Posts by jrd
13 posts • joined Monday 6th December 2010 12:48 GMT
Old PCs
My 7 year old laptop still does what I need. I don't have a compelling reason to replace the hardware - Windows XP, Office 2003 and Adobe Photoshop CS2 are all "good enough". PCs have become household appliances for most people - you keep the one you have until it breaks or won't get the job done. Or (maybe) Miscrosoft stops supporting the OS.
Re: Way to miss the point...
[Quote] This is a gamechanger for two reasons. Should I want to put a bullet in David Cameron, dont tempt me, with this I can make it myself, disguise it if I want to, and all I need to do is find the guy (probably when he's daughter hunting again), walk past, jam in in his gut and pull the trigger. [End]
Bullets are not freely available in the UK. And, if you're sourcing the bullets illegally, why not buy a gun the same way? Or, why not just stab him with a knife? It will be just as lethal as a small, low-velocity bullet.
Doesn't seem like a game-changer to me.
Re: Lenovo Thinkpads are not IBM Thinkpads
Typing this on a Lenovo Thinkpad X60 Tablet, my main computer. Bought it second hand 4 years ago and still going strong! Excellent bit of kit - vendors who offer 3 year warranties build their kit to last.
gmail works
I've had 1 email address for 10 years which I use for everything, and I do a lot of shopping online, I'm on mailing lists etc and I must say almost no spam gets past gmail's excellent filters. Those that do always seem to respond to unsubscribe requests, so I would recommend this extremely simple and low-overhead combination if you have spam problems.
Hmm, government puts the interests of its' own citizens ahead of those of foreign multinational companies, who would have expected that? I wonder if that'll catch on in the West too...
Re: Even with $2.6B
No, this isn't price fixing. It's companies learning that the strategy of bidding up the value of patent portfolios on the basis they can screw their competitors later isn't a great way to run a business. Which is a step in the right direction in my book.
Re: Blimey...
Jeremy Clarkson was apparently quoted over £20,000 to insure a Ford Escort (a fast one), and that was over 20 years ago. Expensive car insurance isn't only a modern phenomenon!
(And I think that was before he was famous, so I don't think they pushed the quote up because it was him...)
X60 and X30
My current computer is a Thinkpad X60 tablet running XP (6 years old). It works fine.
This replaced a Thinkpad X30, which I still use as a music/print server.

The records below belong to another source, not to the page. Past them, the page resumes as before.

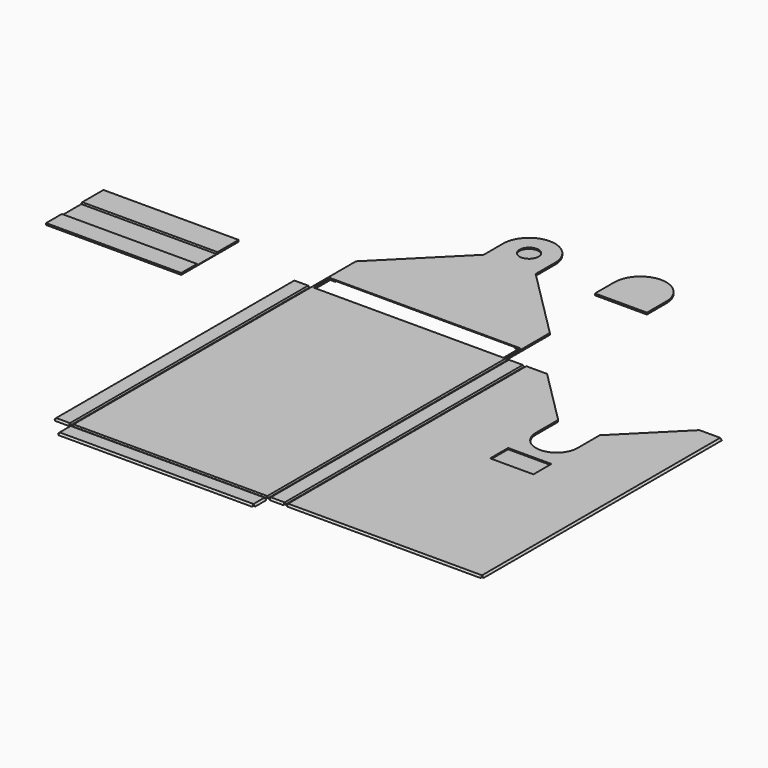
from build123d import *

# Parameters (mm, degrees)
F0_W      = 56
F0_H      = 8
F0_H_2    = 86
F0_W_2    = 0.5
F0_H_3    = 0.5
F0_H_4    = 43
F0_W_3    = 4
F0_H_5    = 4
F1_DEPTH  = 0.5
F2_SIZE2  = 0.49999
F2_SIZE   = 0.49999
F4_DEPTH  = 86
F6_DEPTH  = 25
F7_R      = 2.75
F8_DEPTH  = 0.35
F9_W      = 12.5
F9_H      = 6.5
F10_DEPTH = 0.35
F11_W     = 39.043193683
F11_H     = 5.6905061938
F11_H_2   = 7.6418016106
F11_H_3   = 7.3748123832
F12_DEPTH = 0.15
F13_DEPTH = 0.5
F14_SIZE  = 0.34999
F15_W     = 54.8
F15_H     = 6
F16_DEPTH = 25
F17_R     = 5.99999
F18_SIZE  = 16
F20_DEPTH = 56
F22_DEPTH = 0.5
F25_DEPTH = 0.25


# Not quite as in the source:
# - a fillet or chamfer is up to 0.001 mm smaller than in the source, because OpenCascade refuses the exact size


with BuildPart() as f1:
    # F0 (on Top) → F1 (new body)
    with BuildSketch(Plane.XY):
        with Locations((28, 4)):
            Rectangle(F0_W, F0_H)
        with Locations((28, -43)):
            Rectangle(F0_W, F0_H_2)
        with Locations((-0.25, -43)):
            Rectangle(F0_W_2, F0_H_2)
        with Locations((56.25, -43)):
            Rectangle(F0_W_2, F0_H_2)
        with Locations((28, -86.25)):
            Rectangle(F0_W, F0_H_3)
        with Locations((-0.75, -43)):
            Rectangle(F0_W_2, F0_H_2)
        with Locations((28, 29.5)):
            Rectangle(F0_W, F0_H_4)
        with Locations((56.75, -43)):
            Rectangle(F0_W_2, F0_H_2)
        with Locations((28, -86.75)):
            Rectangle(F0_W, F0_H_3)
        with Locations((-3, -43)):
            Rectangle(F0_W_3, F0_H_2)
        with Locations((59, -43)):
            Rectangle(F0_W_3, F0_H_2)
        with Locations((-3, -86.25)):
            Rectangle(F0_W_3, F0_H_3)
        with Locations((28, -89)):
            Rectangle(F0_W, F0_H_5)
        with Locations((-0.25, -89)):
            Rectangle(F0_W_2, F0_H_5)
        with Locations((-5.25, -43)):
            Rectangle(F0_W_2, F0_H_2)
        with Locations((59, -86.25)):
            Rectangle(F0_W_3, F0_H_3)
        with Locations((56.25, -89)):
            Rectangle(F0_W_2, F0_H_5)
        with Locations((61.25, -43)):
            Rectangle(F0_W_2, F0_H_2)
        with Locations((28, -91.25)):
            Rectangle(F0_W, F0_H_3)
        with Locations((61.75, -43)):
            Rectangle(F0_W_2, F0_H_2)
        Polygon((84, 0), (62, 0), (62, -86), (118, -86), (118, 0), (96, 0), (96, -30), (84, -30), align=None)
        with Locations((90, -86.25)):
            Rectangle(F0_W, F0_H_3)
        with Locations((118.25, -43)):
            Rectangle(F0_W_2, F0_H_2)
    extrude(amount=F1_DEPTH)

    # F2 (size 0.5 and 0.5 in the source; OpenCascade refuses exactly that, so slightly less here)
    f2_edges = [f1.edges().sort_by_distance(p)[0] for p in [
        (-5.5, -43, 0.5),
        (-3, -86.5, 0.5),
        (-0.5, -89, 0.5),
        (28, -91.5, 0.5),
        (56.5, -89, 0.5),
        (59, -86.5, 0.5),
        (90, -86.5, 0.5),
        (118.5, -43, 0.5),
    ]]
    chamfer(f2_edges, length=F2_SIZE, length2=F2_SIZE2)

    # F3 (on face) → F4 (cut, through all)
    with BuildSketch(Plane.XZ.offset(86)):
        Polygon((0, 0.5), (-1, 0.5), (-0.65, 0.15), (-0.35, 0.15), align=None)
        Polygon((57, 0.5), (56, 0.5), (56.35, 0.15), (56.65, 0.15), align=None)
        Polygon((62, 0.5), (61, 0.5), (61.35, 0.15), (61.65, 0.15), align=None)
    extrude(amount=-F4_DEPTH, mode=Mode.SUBTRACT)

    # F5 (on face) → F6 (cut)
    with BuildSketch(Plane.XY.offset(0.5)):
        with BuildLine():
            Line((34, 51), (28, 51))
            ThreePointArc((28, 51), (33.3033008589, 48.8033008589), (35.5, 43.5))
            Line((35.5, 43.5), (35.5, 36.5))
            Line((35.5, 36.5), (56, 16))
            Line((56, 16), (56, 51))
            Line((56, 51), (34, 51))
        make_face()
        with BuildLine():
            Line((28, 51), (22, 51))
            Line((22, 51), (0, 51))
            Line((0, 51), (0, 16))
            Line((0, 16), (20.5, 36.5))
            Line((20.5, 36.5), (20.5, 43.5))
            ThreePointArc((20.5, 43.5), (22.6966991411, 48.8033008589), (28, 51))
        make_face()
    extrude(amount=-F6_DEPTH, mode=Mode.SUBTRACT)

    # F7 (on face) → F8 (cut)
    with BuildSketch(Plane.XY.offset(0.5)):
        with Locations((28, 43.5)):
            Circle(F7_R)
    extrude(amount=-F8_DEPTH, mode=Mode.SUBTRACT)

    # F9 (on face) → F10 (cut)
    with BuildSketch(Plane.XY.offset(0.5)):
        with Locations((90, -37)):
            Rectangle(F9_W, F9_H)
    extrude(amount=-F10_DEPTH, mode=Mode.SUBTRACT)

    # F15 (on face) → F16 (cut)
    with BuildSketch(Plane.XY.offset(0.5)):
        with Locations((28, 3)):
            Rectangle(F15_W, F15_H)
    extrude(amount=-F16_DEPTH, mode=Mode.SUBTRACT)

    # F17 (radius 6 in the source; OpenCascade refuses exactly that, so slightly less here)
    f17_edges = [f1.edges().sort_by_distance(p)[0] for p in [
        (84, -30, 0.25),
        (96, -30, 0.25),
    ]]
    fillet(f17_edges, radius=F17_R)

    # F18
    f18_edges = [f1.edges().sort_by_distance(p)[0] for p in [
        (84, 0, 0.25),
        (96, 0, 0.25),
    ]]
    chamfer(f18_edges, length=F18_SIZE)

    # F19 (on face) → F20 (cut, through all)
    with BuildSketch(Plane.YZ.offset(56)):
        Polygon((-86, 0.5), (-87, 0.5), (-86.65, 0.15), (-86.35, 0.15), align=None)
    extrude(amount=-F20_DEPTH, mode=Mode.SUBTRACT)

    # F24 (on face) → F25 (cut)
    with BuildSketch(Plane(origin=(0, 0, 0), x_dir=(1, 0, 0), z_dir=(0, 0, -1))):
        with BuildLine():
            Line((54, -15.1715728753), (54, 38.8284271247))
            ThreePointArc((54, 38.8284271247), (51.6568542495, 44.4852813742), (46, 46.8284271247))
            Line((46, 46.8284271247), (10, 46.8284271247))
            ThreePointArc((10, 46.8284271247), (4.3431457505, 44.4852813742), (2, 38.8284271247))
            Line((2, 38.8284271247), (2, -15.1715728753))
            Line((2, -15.1715728753), (21.3284271247, -34.5))
            Line((21.3284271247, -34.5), (34.6715728753, -34.5))
            Line((34.6715728753, -34.5), (54, -15.1715728753))
        make_face()
    extrude(amount=-F25_DEPTH, mode=Mode.SUBTRACT)


with BuildPart() as f12:
    # F11 (on Top) → F12 (new body)
    with BuildSketch(Plane.XY):
        with Locations((-46.7307167128, -10.2200654801)):
            Rectangle(F11_W, F11_H)
        with Locations((-46.7307167128, 3.8209008053)):
            Rectangle(F11_W, F11_H_2)
        with Locations((-46.7307167128, -3.6874061916)):
            Rectangle(F11_W, F11_H_3)
    extrude(amount=F12_DEPTH)

    # F11 (on Top) → F13 (join)
    with BuildSketch(Plane.XY):
        with Locations((-46.7307167128, -10.2200654801)):
            Rectangle(F11_W, F11_H)
        with Locations((-46.7307167128, 3.8209008053)):
            Rectangle(F11_W, F11_H_2)
    extrude(amount=F13_DEPTH)

    # F14 (size 0.35 in the source; OpenCascade refuses exactly that, so slightly less here)
    f14_edges = [f12.edges().sort_by_distance(p)[0] for p in [
        (-46.730717, -7.374812, 0.15),
        (-46.730717, 0, 0.15),
    ]]
    chamfer(f14_edges, length=F14_SIZE)


with BuildPart() as f22:
    # F21 (on Top) → F22 (new body)
    with BuildSketch(Plane.XY):
        with BuildLine():
            Line((51.8908984959, 44.4321229756), (51.8908984959, 37.4321229756))
            Line((51.8908984959, 37.4321229756), (66.8908984959, 37.4321229756))
            Line((66.8908984959, 37.4321229756), (66.8908984959, 44.4321229756))
            ThreePointArc((66.8908984959, 44.4321229756), (59.3908984959, 51.9321229756), (51.8908984959, 44.4321229756))
        make_face()
    extrude(amount=F22_DEPTH)


solid = Compound([f1.part, f12.part, f22.part])

Both of these I bought second-hand (each a couple of years old at the time) and have been good, reliable machines.
Congratulations
I think I like every single thing about this story. Well done, all concerned!
Different opinion
C|Net don't like the phone much...
http://reviews.cnet.co.uk/mobile-phones/nokia-asha-201-review-50005823/
In particular, that reviewer hated the keyboard and the menu interface. And wasn't much impressed with the call quality either ("muffled").
Extradition to US
"If they know its a setup, then he should have no worries about going to Sweden and helping the police resolve the case".
I do not believe Assange is particularly worried about beating the Swedish accusations themselves. He fears that if he returns to Sweden then he will be extradited from there to the US.
Risk assessment
I suspect it's the difficulty of assessing the risks of migrating to a cloud that's holding organizations back, as much as anything else. We know how to do risk assessment of servers, data retention and archiving systems, data centres, firewalls, physical site access controls - we've done them in the past and there's plenty of advice and best practice available.
But - how do you identify and quantify the risks with the cloud model? No-one really knows.
A risk which is that difficult to assess and mitigate is by definition a high risk...
Good!
Mark McCormack, "What they don't teach you at Harvard business school":
"If your company has hired a consultant and you are not taking his advice - fire him.
This is no reflection on the consultant. He may be giving you the best advice you will ever get, but if you are not following it you are wasting his time and your money."
If we are going to have a government which thinks it knows best, and is prepared to make its own decisions, I'd rather they didn't waste our money paying consultants and then ignoring them or blaming them when the decisions don't generate the desired effects.